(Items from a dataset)
--*--
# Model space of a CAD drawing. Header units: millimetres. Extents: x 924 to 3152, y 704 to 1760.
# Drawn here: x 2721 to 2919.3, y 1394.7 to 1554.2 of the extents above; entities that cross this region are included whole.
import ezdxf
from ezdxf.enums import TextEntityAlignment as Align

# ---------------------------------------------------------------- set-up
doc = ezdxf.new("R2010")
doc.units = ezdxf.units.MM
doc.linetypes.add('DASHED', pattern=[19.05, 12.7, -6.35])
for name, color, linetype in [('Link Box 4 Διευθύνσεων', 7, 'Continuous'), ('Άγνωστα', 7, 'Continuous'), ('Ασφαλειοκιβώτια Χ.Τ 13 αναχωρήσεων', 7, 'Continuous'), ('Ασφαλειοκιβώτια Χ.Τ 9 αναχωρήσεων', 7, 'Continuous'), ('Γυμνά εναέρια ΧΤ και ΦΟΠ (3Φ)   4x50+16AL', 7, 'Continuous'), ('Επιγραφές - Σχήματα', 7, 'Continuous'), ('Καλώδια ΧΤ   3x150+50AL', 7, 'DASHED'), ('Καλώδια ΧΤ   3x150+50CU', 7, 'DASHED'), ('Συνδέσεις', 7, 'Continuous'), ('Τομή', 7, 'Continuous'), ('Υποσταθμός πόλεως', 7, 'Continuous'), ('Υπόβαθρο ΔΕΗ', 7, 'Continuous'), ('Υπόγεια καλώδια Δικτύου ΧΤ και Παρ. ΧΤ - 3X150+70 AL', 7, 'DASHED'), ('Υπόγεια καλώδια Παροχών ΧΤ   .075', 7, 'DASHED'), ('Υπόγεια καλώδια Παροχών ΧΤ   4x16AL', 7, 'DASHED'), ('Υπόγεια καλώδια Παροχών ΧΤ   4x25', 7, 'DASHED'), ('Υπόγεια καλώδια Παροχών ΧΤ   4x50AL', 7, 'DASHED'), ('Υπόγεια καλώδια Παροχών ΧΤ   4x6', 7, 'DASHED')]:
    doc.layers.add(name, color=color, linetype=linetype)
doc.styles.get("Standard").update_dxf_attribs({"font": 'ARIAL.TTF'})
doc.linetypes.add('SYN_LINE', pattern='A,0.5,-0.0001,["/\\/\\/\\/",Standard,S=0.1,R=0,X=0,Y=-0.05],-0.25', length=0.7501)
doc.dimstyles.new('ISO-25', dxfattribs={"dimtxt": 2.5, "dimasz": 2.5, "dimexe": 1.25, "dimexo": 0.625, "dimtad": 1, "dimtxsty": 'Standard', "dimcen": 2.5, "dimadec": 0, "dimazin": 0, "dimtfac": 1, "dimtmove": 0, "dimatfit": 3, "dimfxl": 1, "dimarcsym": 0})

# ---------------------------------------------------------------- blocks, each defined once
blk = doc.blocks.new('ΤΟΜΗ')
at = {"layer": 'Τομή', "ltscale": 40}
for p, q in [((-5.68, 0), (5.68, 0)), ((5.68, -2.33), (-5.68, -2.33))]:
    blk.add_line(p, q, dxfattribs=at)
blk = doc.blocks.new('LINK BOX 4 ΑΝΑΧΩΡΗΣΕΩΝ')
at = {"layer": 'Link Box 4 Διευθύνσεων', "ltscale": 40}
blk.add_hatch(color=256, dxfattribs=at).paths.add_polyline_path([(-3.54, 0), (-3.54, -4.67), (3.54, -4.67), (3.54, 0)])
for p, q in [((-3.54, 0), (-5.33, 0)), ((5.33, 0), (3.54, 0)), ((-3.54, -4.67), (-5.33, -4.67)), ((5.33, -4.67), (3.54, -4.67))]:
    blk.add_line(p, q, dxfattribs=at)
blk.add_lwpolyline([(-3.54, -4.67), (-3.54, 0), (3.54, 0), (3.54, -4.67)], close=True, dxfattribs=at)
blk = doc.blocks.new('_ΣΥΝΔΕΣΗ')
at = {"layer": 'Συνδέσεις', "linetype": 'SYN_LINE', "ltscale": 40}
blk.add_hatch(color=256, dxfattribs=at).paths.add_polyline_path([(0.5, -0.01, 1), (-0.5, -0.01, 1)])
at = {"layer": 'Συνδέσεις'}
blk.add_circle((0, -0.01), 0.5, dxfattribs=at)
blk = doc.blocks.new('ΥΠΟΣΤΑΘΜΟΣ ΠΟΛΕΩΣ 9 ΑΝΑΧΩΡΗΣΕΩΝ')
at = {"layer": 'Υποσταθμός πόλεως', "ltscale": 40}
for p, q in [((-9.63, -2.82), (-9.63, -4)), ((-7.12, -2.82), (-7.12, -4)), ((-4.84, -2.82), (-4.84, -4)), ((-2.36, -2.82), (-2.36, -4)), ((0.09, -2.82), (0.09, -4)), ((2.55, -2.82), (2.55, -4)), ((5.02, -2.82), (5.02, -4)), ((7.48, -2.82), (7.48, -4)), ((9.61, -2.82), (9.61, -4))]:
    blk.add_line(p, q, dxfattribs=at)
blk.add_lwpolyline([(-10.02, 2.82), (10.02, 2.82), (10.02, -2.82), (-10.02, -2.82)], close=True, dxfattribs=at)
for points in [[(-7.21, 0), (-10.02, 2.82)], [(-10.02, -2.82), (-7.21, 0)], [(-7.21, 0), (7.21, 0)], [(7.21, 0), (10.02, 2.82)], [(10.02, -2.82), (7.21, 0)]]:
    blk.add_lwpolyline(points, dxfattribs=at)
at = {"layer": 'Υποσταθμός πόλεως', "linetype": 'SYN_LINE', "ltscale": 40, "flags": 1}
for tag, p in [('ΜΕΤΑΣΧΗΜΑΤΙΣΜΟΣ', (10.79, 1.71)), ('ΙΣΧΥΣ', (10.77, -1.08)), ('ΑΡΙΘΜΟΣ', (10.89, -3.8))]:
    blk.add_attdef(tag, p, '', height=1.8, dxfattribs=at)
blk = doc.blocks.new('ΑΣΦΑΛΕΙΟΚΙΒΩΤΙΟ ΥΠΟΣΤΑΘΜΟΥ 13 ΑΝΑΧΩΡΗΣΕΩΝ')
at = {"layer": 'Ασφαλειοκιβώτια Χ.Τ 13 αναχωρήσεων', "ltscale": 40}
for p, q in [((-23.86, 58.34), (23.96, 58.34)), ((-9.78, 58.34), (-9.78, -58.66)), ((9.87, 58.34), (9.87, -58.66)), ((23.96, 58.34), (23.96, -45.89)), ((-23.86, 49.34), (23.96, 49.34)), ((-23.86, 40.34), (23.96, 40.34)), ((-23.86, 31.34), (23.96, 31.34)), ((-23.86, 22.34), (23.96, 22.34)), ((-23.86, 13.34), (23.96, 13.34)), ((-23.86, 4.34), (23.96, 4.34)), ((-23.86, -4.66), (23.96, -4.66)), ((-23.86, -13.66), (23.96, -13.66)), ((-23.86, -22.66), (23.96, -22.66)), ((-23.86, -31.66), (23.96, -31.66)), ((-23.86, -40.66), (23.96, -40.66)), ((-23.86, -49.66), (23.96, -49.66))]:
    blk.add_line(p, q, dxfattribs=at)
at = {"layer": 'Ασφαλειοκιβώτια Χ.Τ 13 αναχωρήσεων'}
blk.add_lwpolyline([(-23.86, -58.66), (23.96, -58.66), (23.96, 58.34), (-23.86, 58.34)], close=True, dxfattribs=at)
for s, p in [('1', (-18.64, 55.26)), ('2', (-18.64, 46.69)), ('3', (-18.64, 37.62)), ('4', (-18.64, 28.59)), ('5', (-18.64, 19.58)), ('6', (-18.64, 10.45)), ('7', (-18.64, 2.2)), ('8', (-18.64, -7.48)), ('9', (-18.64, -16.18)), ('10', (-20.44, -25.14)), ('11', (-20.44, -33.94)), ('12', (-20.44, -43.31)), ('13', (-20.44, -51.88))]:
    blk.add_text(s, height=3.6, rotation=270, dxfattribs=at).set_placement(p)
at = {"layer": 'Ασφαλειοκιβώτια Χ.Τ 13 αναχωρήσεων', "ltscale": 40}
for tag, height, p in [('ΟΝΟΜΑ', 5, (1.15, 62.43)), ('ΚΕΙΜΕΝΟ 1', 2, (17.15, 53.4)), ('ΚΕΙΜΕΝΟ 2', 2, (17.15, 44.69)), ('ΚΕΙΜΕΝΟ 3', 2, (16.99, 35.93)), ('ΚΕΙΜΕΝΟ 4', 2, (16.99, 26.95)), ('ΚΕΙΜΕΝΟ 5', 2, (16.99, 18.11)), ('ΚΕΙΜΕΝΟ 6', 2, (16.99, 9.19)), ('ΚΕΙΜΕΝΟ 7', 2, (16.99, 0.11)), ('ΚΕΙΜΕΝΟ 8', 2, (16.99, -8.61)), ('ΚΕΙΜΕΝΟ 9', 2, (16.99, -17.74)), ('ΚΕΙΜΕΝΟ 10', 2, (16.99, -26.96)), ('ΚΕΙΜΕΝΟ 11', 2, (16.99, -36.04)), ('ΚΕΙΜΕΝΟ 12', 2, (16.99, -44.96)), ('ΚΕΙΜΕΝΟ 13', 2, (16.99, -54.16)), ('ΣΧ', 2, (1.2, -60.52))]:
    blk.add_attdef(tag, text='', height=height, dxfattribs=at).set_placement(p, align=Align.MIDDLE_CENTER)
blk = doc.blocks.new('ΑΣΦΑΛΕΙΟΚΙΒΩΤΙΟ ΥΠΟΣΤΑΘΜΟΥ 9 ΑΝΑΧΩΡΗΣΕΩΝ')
--*--
WORK ORDER
A verbatim transcription is needed of the lines above, starting at the line with "blk = doc.blocks.new('ΑΣΦΑΛΕΙΟΚΙΒΩΤΙΟ ΥΠΟΣΤΑΘΜΟΥ 13" and ending at the line with "58.34)], close=True, dxfattribs=at)", both included, and of nothing else.

RESULT OF THIS TASK
blk = doc.blocks.new('ΑΣΦΑΛΕΙΟΚΙΒΩΤΙΟ ΥΠΟΣΤΑΘΜΟΥ 13 ΑΝΑΧΩΡΗΣΕΩΝ')
at = {"layer": 'Ασφαλειοκιβώτια Χ.Τ 13 αναχωρήσεων', "ltscale": 40}
for p, q in [((-23.86, 58.34), (23.96, 58.34)), ((-9.78, 58.34), (-9.78, -58.66)), ((9.87, 58.34), (9.87, -58.66)), ((23.96, 58.34), (23.96, -45.89)), ((-23.86, 49.34), (23.96, 49.34)), ((-23.86, 40.34), (23.96, 40.34)), ((-23.86, 31.34), (23.96, 31.34)), ((-23.86, 22.34), (23.96, 22.34)), ((-23.86, 13.34), (23.96, 13.34)), ((-23.86, 4.34), (23.96, 4.34)), ((-23.86, -4.66), (23.96, -4.66)), ((-23.86, -13.66), (23.96, -13.66)), ((-23.86, -22.66), (23.96, -22.66)), ((-23.86, -31.66), (23.96, -31.66)), ((-23.86, -40.66), (23.96, -40.66)), ((-23.86, -49.66), (23.96, -49.66))]:
    blk.add_line(p, q, dxfattribs=at)
at = {"layer": 'Ασφαλειοκιβώτια Χ.Τ 13 αναχωρήσεων'}
blk.add_lwpolyline([(-23.86, -58.66), (23.96, -58.66), (23.96, 58.34), (-23.86, 58.34)], close=True, dxfattribs=at)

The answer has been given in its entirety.